In dit hoofdstuk bespreken we de verschillende modi van werking van een blokcijfer. Dit zijn procedurele regels voor een generiek blokcijfer. Interessant is dat de verschillende modi resulteren in verschillende eigenschappen die bijdragen aan de veiligheid van het onderliggende blokcijfer.
Een blokcijfer verwerkt de gegevensblokken van vaste grootte. Gewoonlijk is de grootte van een bericht groter dan de blokgrootte. Daarom wordt het lange bericht verdeeld in een reeks opeenvolgende berichtblokken, en het cijfer bewerkt deze blokken één voor één.
Electronic Code Book (ECB) Mode
Deze modus is een zeer eenvoudige manier om een reeks opeenvolgende berichtblokken te verwerken.
Werking
-
De gebruiker neemt het eerste blok onbewerkte tekst en versleutelt dit met de sleutel om het eerste blok cijfertekst te produceren.
-
Hij neemt vervolgens het tweede blok onbewerkte tekst en volgt hetzelfde proces met dezelfde sleutel, enzovoort.

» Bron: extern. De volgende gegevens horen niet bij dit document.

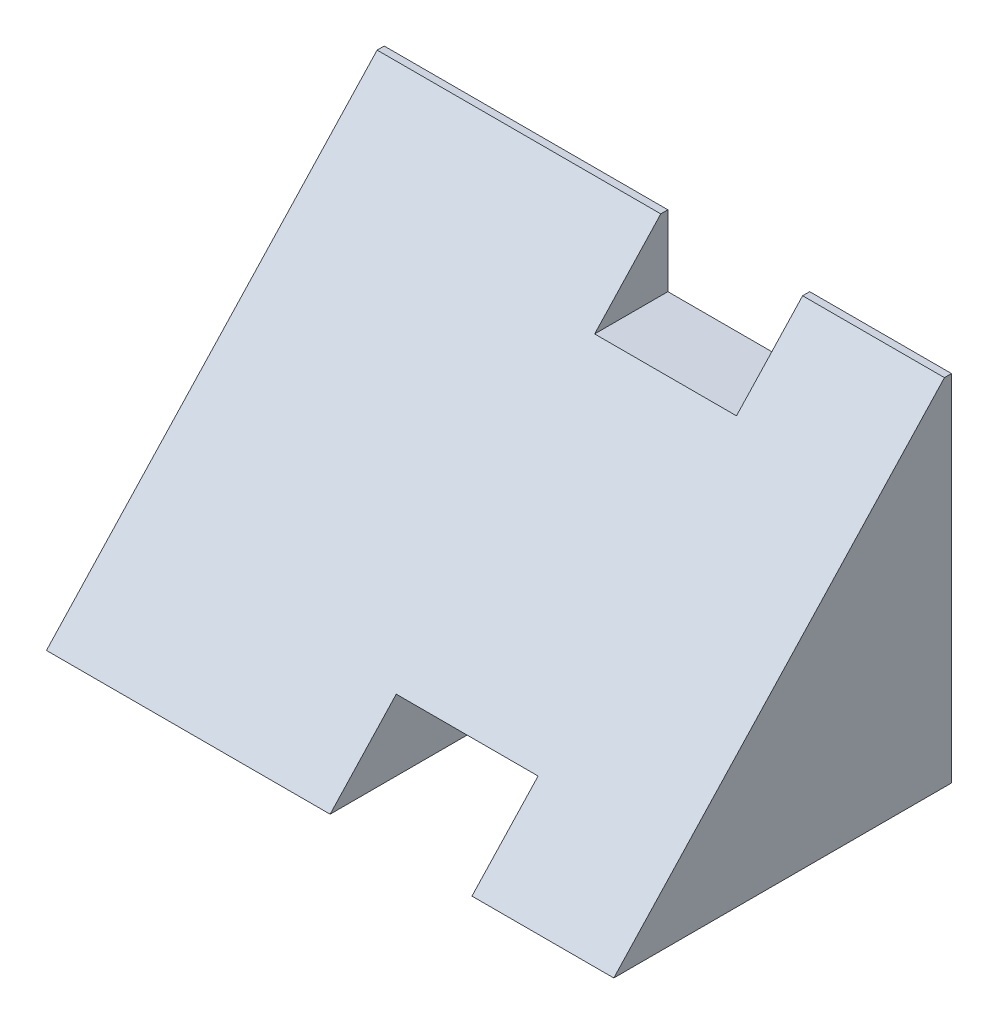
ISO-10303-21;
HEADER;
FILE_DESCRIPTION(('STEP AP214'),'2;1');
FILE_NAME('part.step','',(''),(''),'','','');
FILE_SCHEMA(('AUTOMOTIVE_DESIGN { 1 0 10303 214 1 1 1 1 }'));
ENDSEC;
DATA;
#1=APPLICATION_CONTEXT('core data for automotive mechanical design processes');
#2=APPLICATION_PROTOCOL_DEFINITION('international standard','automotive_design',2000,#1);
#3=PRODUCT_CONTEXT('',#1,'mechanical');
#4=PRODUCT('Part','Part','',(#3));
#5=PRODUCT_RELATED_PRODUCT_CATEGORY('part','',(#4));
#6=PRODUCT_DEFINITION_FORMATION('','',#4);
#7=PRODUCT_DEFINITION_CONTEXT('part definition',#1,'design');
#8=PRODUCT_DEFINITION('design','',#6,#7);
#9=PRODUCT_DEFINITION_SHAPE('','',#8);
#10=(LENGTH_UNIT() NAMED_UNIT(*) SI_UNIT(.MILLI.,.METRE.));
#11=(NAMED_UNIT(*) PLANE_ANGLE_UNIT() SI_UNIT($,.RADIAN.));
#12=(NAMED_UNIT(*) SI_UNIT($,.STERADIAN.) SOLID_ANGLE_UNIT());
#13=UNCERTAINTY_MEASURE_WITH_UNIT(LENGTH_MEASURE(1.E-05),#10,'distance_accuracy_value','');
#14=(GEOMETRIC_REPRESENTATION_CONTEXT(3) GLOBAL_UNCERTAINTY_ASSIGNED_CONTEXT((#13)) GLOBAL_UNIT_ASSIGNED_CONTEXT((#10,
#11,#12)) REPRESENTATION_CONTEXT('',''));
#15=CARTESIAN_POINT('',(0.,0.,0.));
#16=DIRECTION('',(0.,0.,1.));
#17=DIRECTION('',(1.,0.,0.));
#18=AXIS2_PLACEMENT_3D('',#15,#16,#17);
#19=CARTESIAN_POINT('',(-9.64428124369068,-50.,0.999999999999997));
#20=DIRECTION('',(1.,0.,0.));
#21=DIRECTION('',(0.,0.,-1.));
#22=AXIS2_PLACEMENT_3D('',#19,#20,#21);
#23=PLANE('',#22);
#24=DIRECTION('',(0.,-1.,0.));
#25=VECTOR('',#24,1.);
#26=CARTESIAN_POINT('',(-9.64428124369068,-50.,0.));
#27=LINE('',#26,#25);
#28=CARTESIAN_POINT('',(-9.64428124369068,0.,0.));
#29=VERTEX_POINT('',#28);
#30=CARTESIAN_POINT('',(-9.64428124369068,-50.,0.));
#31=VERTEX_POINT('',#30);
#32=EDGE_CURVE('E133',#29,#31,#27,.T.);
#33=ORIENTED_EDGE('',*,*,#32,.T.);
#34=DIRECTION('',(0.,0.,-1.));
#35=VECTOR('',#34,1.);
#36=CARTESIAN_POINT('',(-9.64428124369068,-50.,0.999999999999997));
#37=LINE('',#36,#35);
#38=CARTESIAN_POINT('',(-9.64428124369068,-50.,47.6257543068832));
#39=VERTEX_POINT('',#38);
#40=EDGE_CURVE('E11',#39,#31,#37,.T.);
#41=ORIENTED_EDGE('',*,*,#40,.F.);
#42=DIRECTION('',(0.,0.731353701619169,-0.6819983600625));
#43=VECTOR('',#42,1.);
#44=CARTESIAN_POINT('',(-9.64428124369068,0.,0.999999999999997));
#45=LINE('',#44,#43);
#46=CARTESIAN_POINT('',(-9.64428124369068,0.,0.999999999999997));
#47=VERTEX_POINT('',#46);
#48=EDGE_CURVE('E126',#47,#39,#45,.F.);
#49=ORIENTED_EDGE('',*,*,#48,.F.);
#50=DIRECTION('',(0.,0.,-1.));
#51=VECTOR('',#50,1.);
#52=CARTESIAN_POINT('',(-9.64428124369068,0.,0.999999999999997));
#53=LINE('',#52,#51);
#54=EDGE_CURVE('E134',#47,#29,#53,.T.);
#55=ORIENTED_EDGE('',*,*,#54,.T.);
#56=EDGE_LOOP('',(#33,#41,#49,#55));
#57=FACE_BOUND('',#56,.T.);
#58=ADVANCED_FACE('F33',(#57),#23,.F.);
#59=CARTESIAN_POINT('',(30.3557187563093,-50.,0.999999999999997));
#60=DIRECTION('',(0.,1.,0.));
#61=DIRECTION('',(-1.,0.,0.));
#62=AXIS2_PLACEMENT_3D('',#59,#60,#61);
#63=PLANE('',#62);
#64=DIRECTION('',(1.,0.,0.));
#65=VECTOR('',#64,1.);
#66=CARTESIAN_POINT('',(30.3557187563093,-50.,0.));
#67=LINE('',#66,#65);
#68=CARTESIAN_POINT('',(30.3557187563093,-50.,0.));
#69=VERTEX_POINT('',#68);
#70=EDGE_CURVE('E137',#31,#69,#67,.T.);
#71=ORIENTED_EDGE('',*,*,#70,.T.);
#72=DIRECTION('',(0.,0.,-1.));
#73=VECTOR('',#72,1.);
#74=CARTESIAN_POINT('',(30.3557187563093,-50.,0.999999999999997));
#75=LINE('',#74,#73);
#76=CARTESIAN_POINT('',(30.3557187563093,-50.,47.6257543068832));
#77=VERTEX_POINT('',#76);
#78=EDGE_CURVE('E43',#77,#69,#75,.T.);
#79=ORIENTED_EDGE('',*,*,#78,.F.);
#80=DIRECTION('',(-1.,0.,0.));
#81=VECTOR('',#80,1.);
#82=CARTESIAN_POINT('',(-9.64428124369067,-50.,47.6257543068832));
#83=LINE('',#82,#81);
#84=EDGE_CURVE('E37',#39,#77,#83,.F.);
#85=ORIENTED_EDGE('',*,*,#84,.F.);
#86=ORIENTED_EDGE('',*,*,#40,.T.);
#87=EDGE_LOOP('',(#71,#79,#85,#86));
#88=FACE_BOUND('',#87,.T.);
#89=ADVANCED_FACE('F120',(#88),#63,.F.);
#90=CARTESIAN_POINT('',(30.3557187563093,-40.,0.999999999999997));
#91=DIRECTION('',(-1.,0.,0.));
#92=DIRECTION('',(0.,0.,1.));
#93=AXIS2_PLACEMENT_3D('',#90,#91,#92);
#94=PLANE('',#93);
#95=DIRECTION('',(0.,1.,0.));
#96=VECTOR('',#95,1.);
#97=CARTESIAN_POINT('',(30.3557187563093,-40.,0.));
#98=LINE('',#97,#96);
#99=CARTESIAN_POINT('',(30.3557187563093,-40.,0.));
#100=VERTEX_POINT('',#99);
#101=EDGE_CURVE('E139',#69,#100,#98,.T.);
#102=ORIENTED_EDGE('',*,*,#101,.T.);
#103=DIRECTION('',(0.,0.,-1.));
#104=VECTOR('',#103,1.);
#105=CARTESIAN_POINT('',(30.3557187563093,-40.,0.999999999999997));
#106=LINE('',#105,#104);
#107=CARTESIAN_POINT('',(30.3557187563093,-40.,38.3006034455066));
#108=VERTEX_POINT('',#107);
#109=EDGE_CURVE('E186',#108,#100,#106,.T.);
#110=ORIENTED_EDGE('',*,*,#109,.F.);
#111=DIRECTION('',(0.,-0.731353701619169,0.6819983600625));
#112=VECTOR('',#111,1.);
#113=CARTESIAN_POINT('',(30.3557187563093,0.,0.999999999999997));
#114=LINE('',#113,#112);
#115=EDGE_CURVE('E125',#77,#108,#114,.F.);
#116=ORIENTED_EDGE('',*,*,#115,.F.);
#117=ORIENTED_EDGE('',*,*,#78,.T.);
#118=EDGE_LOOP('',(#102,#110,#116,#117));
#119=FACE_BOUND('',#118,.T.);
#120=ADVANCED_FACE('F209',(#119),#94,.F.);
#121=CARTESIAN_POINT('',(50.3557187563093,-40.,0.999999999999997));
#122=DIRECTION('',(0.,1.,0.));
#123=DIRECTION('',(-1.,0.,0.));
#124=AXIS2_PLACEMENT_3D('',#121,#122,#123);
#125=PLANE('',#124);
#126=DIRECTION('',(1.,0.,0.));
#127=VECTOR('',#126,1.);
#128=CARTESIAN_POINT('',(50.3557187563093,-40.,0.));
#129=LINE('',#128,#127);
#130=CARTESIAN_POINT('',(50.3557187563093,-40.,0.));
#131=VERTEX_POINT('',#130);
#132=EDGE_CURVE('E144',#100,#131,#129,.T.);
#133=ORIENTED_EDGE('',*,*,#132,.T.);
#134=DIRECTION('',(0.,0.,-1.));
#135=VECTOR('',#134,1.);
#136=CARTESIAN_POINT('',(50.3557187563093,-40.,0.999999999999997));
#137=LINE('',#136,#135);
#138=CARTESIAN_POINT('',(50.3557187563093,-40.,38.3006034455066));
#139=VERTEX_POINT('',#138);
#140=EDGE_CURVE('E183',#139,#131,#137,.T.);
#141=ORIENTED_EDGE('',*,*,#140,.F.);
#142=DIRECTION('',(-1.,0.,0.));
#143=VECTOR('',#142,1.);
#144=CARTESIAN_POINT('',(-9.64428124369066,-40.,38.3006034455066));
#145=LINE('',#144,#143);
#146=EDGE_CURVE('E204',#108,#139,#145,.F.);
#147=ORIENTED_EDGE('',*,*,#146,.F.);
#148=ORIENTED_EDGE('',*,*,#109,.T.);
#149=EDGE_LOOP('',(#133,#141,#147,#148));
#150=FACE_BOUND('',#149,.T.);
#151=ADVANCED_FACE('F213',(#150),#125,.F.);
#152=CARTESIAN_POINT('',(50.3557187563093,-50.,0.999999999999997));
#153=DIRECTION('',(1.,0.,0.));
#154=DIRECTION('',(0.,0.,-1.));
#155=AXIS2_PLACEMENT_3D('',#152,#153,#154);
#156=PLANE('',#155);
#157=DIRECTION('',(0.,-1.,0.));
#158=VECTOR('',#157,1.);
#159=CARTESIAN_POINT('',(50.3557187563093,-50.,0.));
#160=LINE('',#159,#158);
#161=CARTESIAN_POINT('',(50.3557187563093,-50.,0.));
#162=VERTEX_POINT('',#161);
#163=EDGE_CURVE('E146',#131,#162,#160,.T.);
#164=ORIENTED_EDGE('',*,*,#163,.T.);
#165=DIRECTION('',(0.,0.,-1.));
#166=VECTOR('',#165,1.);
#167=CARTESIAN_POINT('',(50.3557187563093,-50.,0.999999999999997));
#168=LINE('',#167,#166);
#169=CARTESIAN_POINT('',(50.3557187563093,-50.,47.6257543068832));
#170=VERTEX_POINT('',#169);
#171=EDGE_CURVE('E180',#170,#162,#168,.T.);
#172=ORIENTED_EDGE('',*,*,#171,.F.);
#173=DIRECTION('',(0.,0.731353701619169,-0.6819983600625));
#174=VECTOR('',#173,1.);
#175=CARTESIAN_POINT('',(50.3557187563093,0.,0.999999999999997));
#176=LINE('',#175,#174);
#177=EDGE_CURVE('E202',#139,#170,#176,.F.);
#178=ORIENTED_EDGE('',*,*,#177,.F.);
#179=ORIENTED_EDGE('',*,*,#140,.T.);
#180=EDGE_LOOP('',(#164,#172,#178,#179));
#181=FACE_BOUND('',#180,.T.);
#182=ADVANCED_FACE('F218',(#181),#156,.F.);
#183=CARTESIAN_POINT('',(70.3557187563093,-50.,0.999999999999997));
#184=DIRECTION('',(0.,1.,0.));
#185=DIRECTION('',(0.,0.,1.));
#186=AXIS2_PLACEMENT_3D('',#183,#184,#185);
#187=PLANE('',#186);
#188=DIRECTION('',(1.,0.,0.));
#189=VECTOR('',#188,1.);
#190=CARTESIAN_POINT('',(70.3557187563093,-50.,0.));
#191=LINE('',#190,#189);
#192=CARTESIAN_POINT('',(70.3557187563093,-50.,0.));
#193=VERTEX_POINT('',#192);
#194=EDGE_CURVE('E148',#162,#193,#191,.T.);
#195=ORIENTED_EDGE('',*,*,#194,.T.);
#196=DIRECTION('',(0.,0.,-1.));
#197=VECTOR('',#196,1.);
#198=CARTESIAN_POINT('',(70.3557187563093,-50.,0.999999999999997));
#199=LINE('',#198,#197);
#200=CARTESIAN_POINT('',(70.3557187563093,-50.,47.6257543068832));
#201=VERTEX_POINT('',#200);
#202=EDGE_CURVE('E177',#201,#193,#199,.T.);
#203=ORIENTED_EDGE('',*,*,#202,.F.);
#204=DIRECTION('',(-1.,0.,0.));
#205=VECTOR('',#204,1.);
#206=CARTESIAN_POINT('',(-9.64428124369068,-50.,47.6257543068832));
#207=LINE('',#206,#205);
#208=EDGE_CURVE('E200',#170,#201,#207,.F.);
#209=ORIENTED_EDGE('',*,*,#208,.F.);
#210=ORIENTED_EDGE('',*,*,#171,.T.);
#211=EDGE_LOOP('',(#195,#203,#209,#210));
#212=FACE_BOUND('',#211,.T.);
#213=ADVANCED_FACE('F224',(#212),#187,.F.);
#214=CARTESIAN_POINT('',(70.3557187563093,0.,0.999999999999997));
#215=DIRECTION('',(-1.,0.,0.));
#216=DIRECTION('',(0.,0.,1.));
#217=AXIS2_PLACEMENT_3D('',#214,#215,#216);
#218=PLANE('',#217);
#219=DIRECTION('',(0.,1.,0.));
#220=VECTOR('',#219,1.);
#221=CARTESIAN_POINT('',(70.3557187563093,0.,0.));
#222=LINE('',#221,#220);
#223=CARTESIAN_POINT('',(70.3557187563093,0.,0.));
#224=VERTEX_POINT('',#223);
#225=EDGE_CURVE('E150',#193,#224,#222,.T.);
#226=ORIENTED_EDGE('',*,*,#225,.T.);
#227=DIRECTION('',(0.,0.,-1.));
#228=VECTOR('',#227,1.);
#229=CARTESIAN_POINT('',(70.3557187563093,0.,0.999999999999997));
#230=LINE('',#229,#228);
#231=CARTESIAN_POINT('',(70.3557187563093,0.,0.999999999999997));
#232=VERTEX_POINT('',#231);
#233=EDGE_CURVE('E174',#232,#224,#230,.T.);
#234=ORIENTED_EDGE('',*,*,#233,.F.);
#235=DIRECTION('',(0.,-0.731353701619169,0.6819983600625));
#236=VECTOR('',#235,1.);
#237=CARTESIAN_POINT('',(70.3557187563093,0.,0.999999999999997));
#238=LINE('',#237,#236);
#239=EDGE_CURVE('E198',#201,#232,#238,.F.);
#240=ORIENTED_EDGE('',*,*,#239,.F.);
#241=ORIENTED_EDGE('',*,*,#202,.T.);
#242=EDGE_LOOP('',(#226,#234,#240,#241));
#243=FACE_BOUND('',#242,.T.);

De ECB-methode is deterministisch, dat wil zeggen dat als een blok platte tekst P1, P2,…, Pm tweemaal met dezelfde sleutel wordt versleuteld, de uiteindelijke cijfertekstblokken dezelfde zullen zijn.
In feite kunnen we voor een gegeven sleutel technisch gezien een codeboek van cijferteksten voor alle mogelijke blokken platte tekst samenstellen. Bij vercijfering zou dan alleen de gewenste klaartekst worden opgezocht en de bijbehorende cijfertekst worden gekozen. De bewerking is dus analoog aan de toewijzing van codewoorden in een codeboek, en krijgt daarom een officiële naam – Elektronische Codeboek-werkwijze (ECB). Het wordt als volgt geïllustreerd –
Analysis of ECB Mode
In werkelijkheid bevatten toepassingsgegevens gewoonlijk gedeeltelijke informatie die kan worden geraden. Bijvoorbeeld het salaris kan worden geraden. Een cijfertekst van de ECB kan een aanvaller in staat stellen de klare tekst te raden door trial-and-error als het klare bericht binnen voorspelbare grenzen ligt.
Als bijvoorbeeld bekend is dat een cijfertekst van de ECB-mode een salariscijfer codeert, dan kan een aanvaller met een klein aantal trials het cijfer achterhalen. In het algemeen willen we geen deterministisch cijfer gebruiken, en daarom moet de ECB-mode in de meeste toepassingen niet worden gebruikt.
Cipher Block Chaining (CBC) Mode
De CBC-mode biedt berichtafhankelijkheid voor het genereren van cijfertekst en maakt het systeem niet-deterministisch.
Werking
De werking van de CBC-mode wordt in de volgende illustratie afgebeeld. De stappen zijn als volgt –
-
Laad de n-bit initialisatievector (IV) in het bovenste register.
-
XOR het n-bit platte tekstblok met de datawaarde in het bovenste register.
-
Encrypteer het resultaat van de XOR-bewerking met het onderliggende blokcijfer met sleutel K.
-
Geef het cijfertekstblok in het bovenste register en ga door met de bewerking totdat alle platte-tekstblokken zijn verwerkt.
-
Voor ontcijfering worden de IV-gegevens ge-XOR-eerd met het eerste ontcijferde cijfertekstblok. Het eerste blok cijfertekst wordt ook ingevoerd in het register dat het IV vervangt om het volgende blok cijfertekst te ontcijferen.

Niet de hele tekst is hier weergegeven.